* Task statement
Only the line containing "line L0 (-1.905, -0.7071)" and the lines after it, through the end of the data below, are to be returned, each exactly as it stands.

* Materials provided
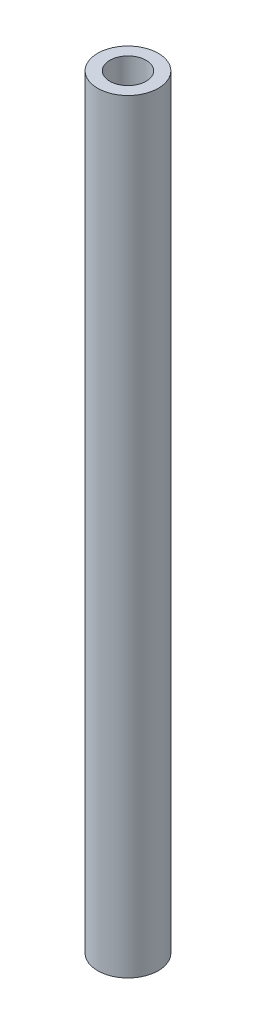
SolidWorks part; units mm, degrees
ref_plane "前视基准面" through (0, 0, 0) normal (0, 0, 1) x (1, 0, 0)
ref_plane "上视基准面" through (0, 0, 0) normal (0, 1, 0) x (1, 0, 0)
ref_plane "右视基准面" through (0, 0, 0) normal (1, 0, 0) x (0, 0, -1)
sketch "草图1" plane through (0, 0, 0) normal (0, 1, 0) x (1, 0, 0)
  circle A0 centre (0, 0) radius 2.5
  circle A1 centre (0, 0) radius 1.5
  dimension "D1" = 3
  dimension "D2" = 5
extrude "凸台-拉伸1" add sketch "草图1" along normal blind 63
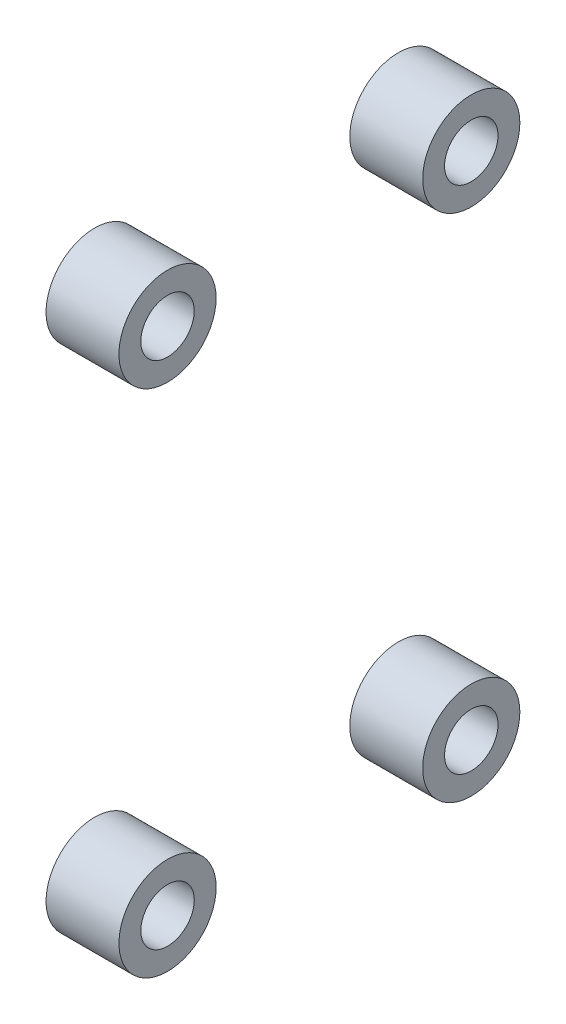
SolidWorks part; units mm, degrees
ref_plane "Alzado" through (0, 0, 0) normal (0, 0, 1) x (1, 0, 0)
ref_plane "Planta" through (0, 0, 0) normal (0, 1, 0) x (1, 0, 0)
ref_plane "Vista lateral" through (0, 0, 0) normal (1, 0, 0) x (0, 0, -1)
ref_plane "Plano1" through (-15.9, 0, 0) normal (1, 0, 0) x (0, 0, -1)
sketch "Croquis1" plane through (-15.9, 0, 0) normal (1, 0, 0) x (0, 0, -1)
  circle A0 centre (-97, -10.5) radius 2
  circle A1 centre (-84.5, -10.5) radius 2
  circle A2 centre (-97, 10.5) radius 2
  circle A3 centre (-84.5, 10.5) radius 2
extrude "Saliente-Extruir1" add sketch "Croquis1" along normal blind 3
ref_plane "Plano2" through (-16.9, 0, 0) normal (1, 0, 0) x (0, 0, -1)
sketch "Croquis2" plane through (-16.9, 0, 0) normal (1, 0, 0) x (0, 0, -1)
  circle A0 centre (-97, -10.5) radius 1.1
  circle A1 centre (-84.5, -10.5) radius 1.1
  circle A2 centre (-97, 10.5) radius 1.1
  circle A3 centre (-84.5, 10.5) radius 1.1
extrude "Cortar-Extruir1" cut sketch "Croquis2" along normal blind 5
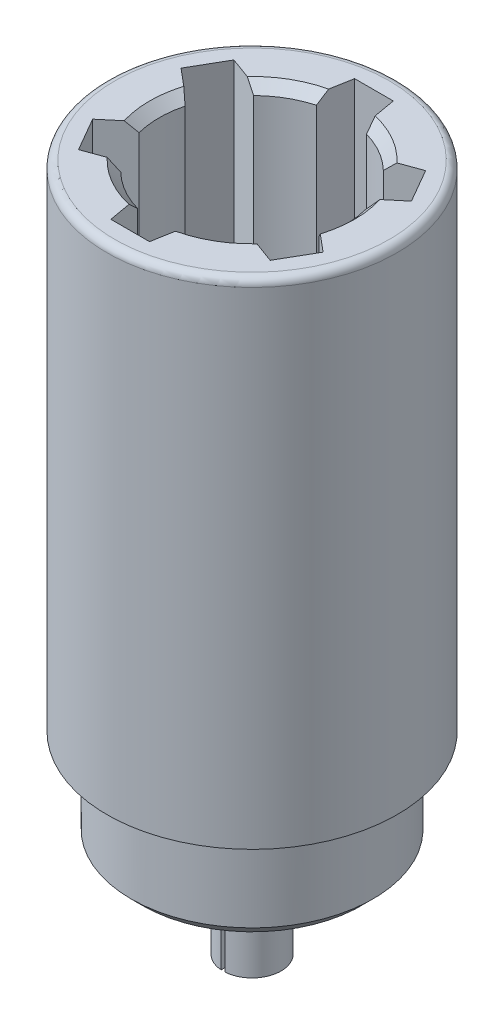
SolidWorks part; units mm, degrees
material "6061 Alloy"
ref_plane "Front" through (0, 0, 0) normal (0, 0, 1) x (1, 0, 0)
ref_plane "Top" through (0, 0, 0) normal (0, 1, 0) x (1, 0, 0)
ref_plane "Right" through (0, 0, 0) normal (1, 0, 0) x (0, 0, -1)
sketch "Sketch1" plane through (0, 0, 0) normal (1, 0, 0) x (0, 0, -1)
  line L0 (-6.096, 38.1) -> (-6.096, 8.706)
  line L1 (-6.096, 8.706) -> (0, 0)
  line L2 (0, 0) -> (0, 26.3018) construction
  line L3 (-6.096, 38.1) -> (-9.525, 38.1)
  line L4 (-9.525, 38.1) -> (-9.525, 5.6429)
  line L5 (-9.525, 5.6429) -> (-7.9375, 5.6429)
  line L6 (0, -7.0571) -> (0, 0)
  line L7 (-7.9375, 5.6429) -> (-7.9375, -0.7071)
  line L8 (-7.9375, -0.7071) -> (-1.905, -0.7071)
  line L9 (-1.905, -0.7071) -> (-1.905, -7.0571)
  line L10 (-1.905, -7.0571) -> (0, -7.0571)
  circle A0 centre (0, 0) radius 2.032 construction
  dimension "D9" = 4.064
  dimension "D1" = 35
  dimension "D2" = 12.192
  dimension "D3" = 15.875
  dimension "D4" = 19.05
  dimension "D5" = 38.1
  dimension "D6" = 3.81
  dimension "D7" = 6.35
  dimension "D8" = 6.35
revolve "mainBody" add sketch "Sketch1" angle 360 about L2
chamfer "Chamfer1" distance 0.635 angle 45 1 edges at (0, 38.1, -6.096)
fillet "Fillet3" radius 0.508 1 edges at (0, 38.1, -9.525)
sketch "Sketch13" plane through (0, 38.1, 0) normal (0, 1, 0) x (1, 0, 0)
  line L0 (-1.27, 8.001) -> (1.27, 8.001)
  line L1 (1.27, 8.001) -> (2.2759, 2.2963)
  line L2 (2.2759, 2.2963) -> (-2.2759, 2.2963)
  line L3 (-2.2759, 2.2963) -> (-1.27, 8.001)
  line L5 (0, 8.001) -> (0, 2.2963) construction
  circle A0 centre (0, 0) radius 6.731 construction
  point P5 (0, 6.731)
  dimension "D2" = 2.54
  dimension "D3" = 80
  dimension "D4" = 1.27
extrude "Cut-Extrude8" cut sketch "Sketch13" against normal up to surface (33.4827 mm away)
pattern_circular "CirPattern1" count 6 over 360 about axis through (0, 0, 0) along (0, 1, 0) of "Cut-Extrude8"
fillet "Fillet4" radius 0.762 1 edges at (0, -0.7071, -1.905)
sketch "Sketch15" plane through (0, 0, 0) normal (0, 0, 1) x (1, 0, 0)
  line L0 (-1.905, -0.7071) -> (1.905, -0.7071) construction
  line L1 (-0.127, -25.872) -> (0.127, -25.872)
  line L2 (-0.127, -25.872) -> (-0.127, -0.7071)
  line L3 (-0.127, -0.7071) -> (0.127, -0.7071)
  line L4 (0.127, -25.872) -> (0.127, -0.7071)
  line L5 (-0.127, -25.872) -> (0.127, -0.7071) construction
  line L6 (-0.127, -0.7071) -> (0.127, -25.872) construction
  point P0 (0, -13.2896)
  dimension "D1" = 0.254
extrude "Cut-Extrude9" cut sketch "Sketch15" against normal through all and the other way through all
chamfer "Chamfer2" distance 0.762 angle 45 1 edges at (0, -0.7071, -7.9375)

* Solution for this exercise
  line L0 (-1.905, -0.7071) -> (1.905, -0.7071) construction
  line L1 (-0.127, -25.872) -> (0.127, -25.872)
  line L2 (-0.127, -25.872) -> (-0.127, -0.7071)
  line L3 (-0.127, -0.7071) -> (0.127, -0.7071)
  line L4 (0.127, -25.872) -> (0.127, -0.7071)
  line L5 (-0.127, -25.872) -> (0.127, -0.7071) construction
  line L6 (-0.127, -0.7071) -> (0.127, -25.872) construction
  point P0 (0, -13.2896)
  dimension "D1" = 0.254
extrude "Cut-Extrude9" cut sketch "Sketch15" against normal through all and the other way through all
chamfer "Chamfer2" distance 0.762 angle 45 1 edges at (0, -0.7071, -7.9375)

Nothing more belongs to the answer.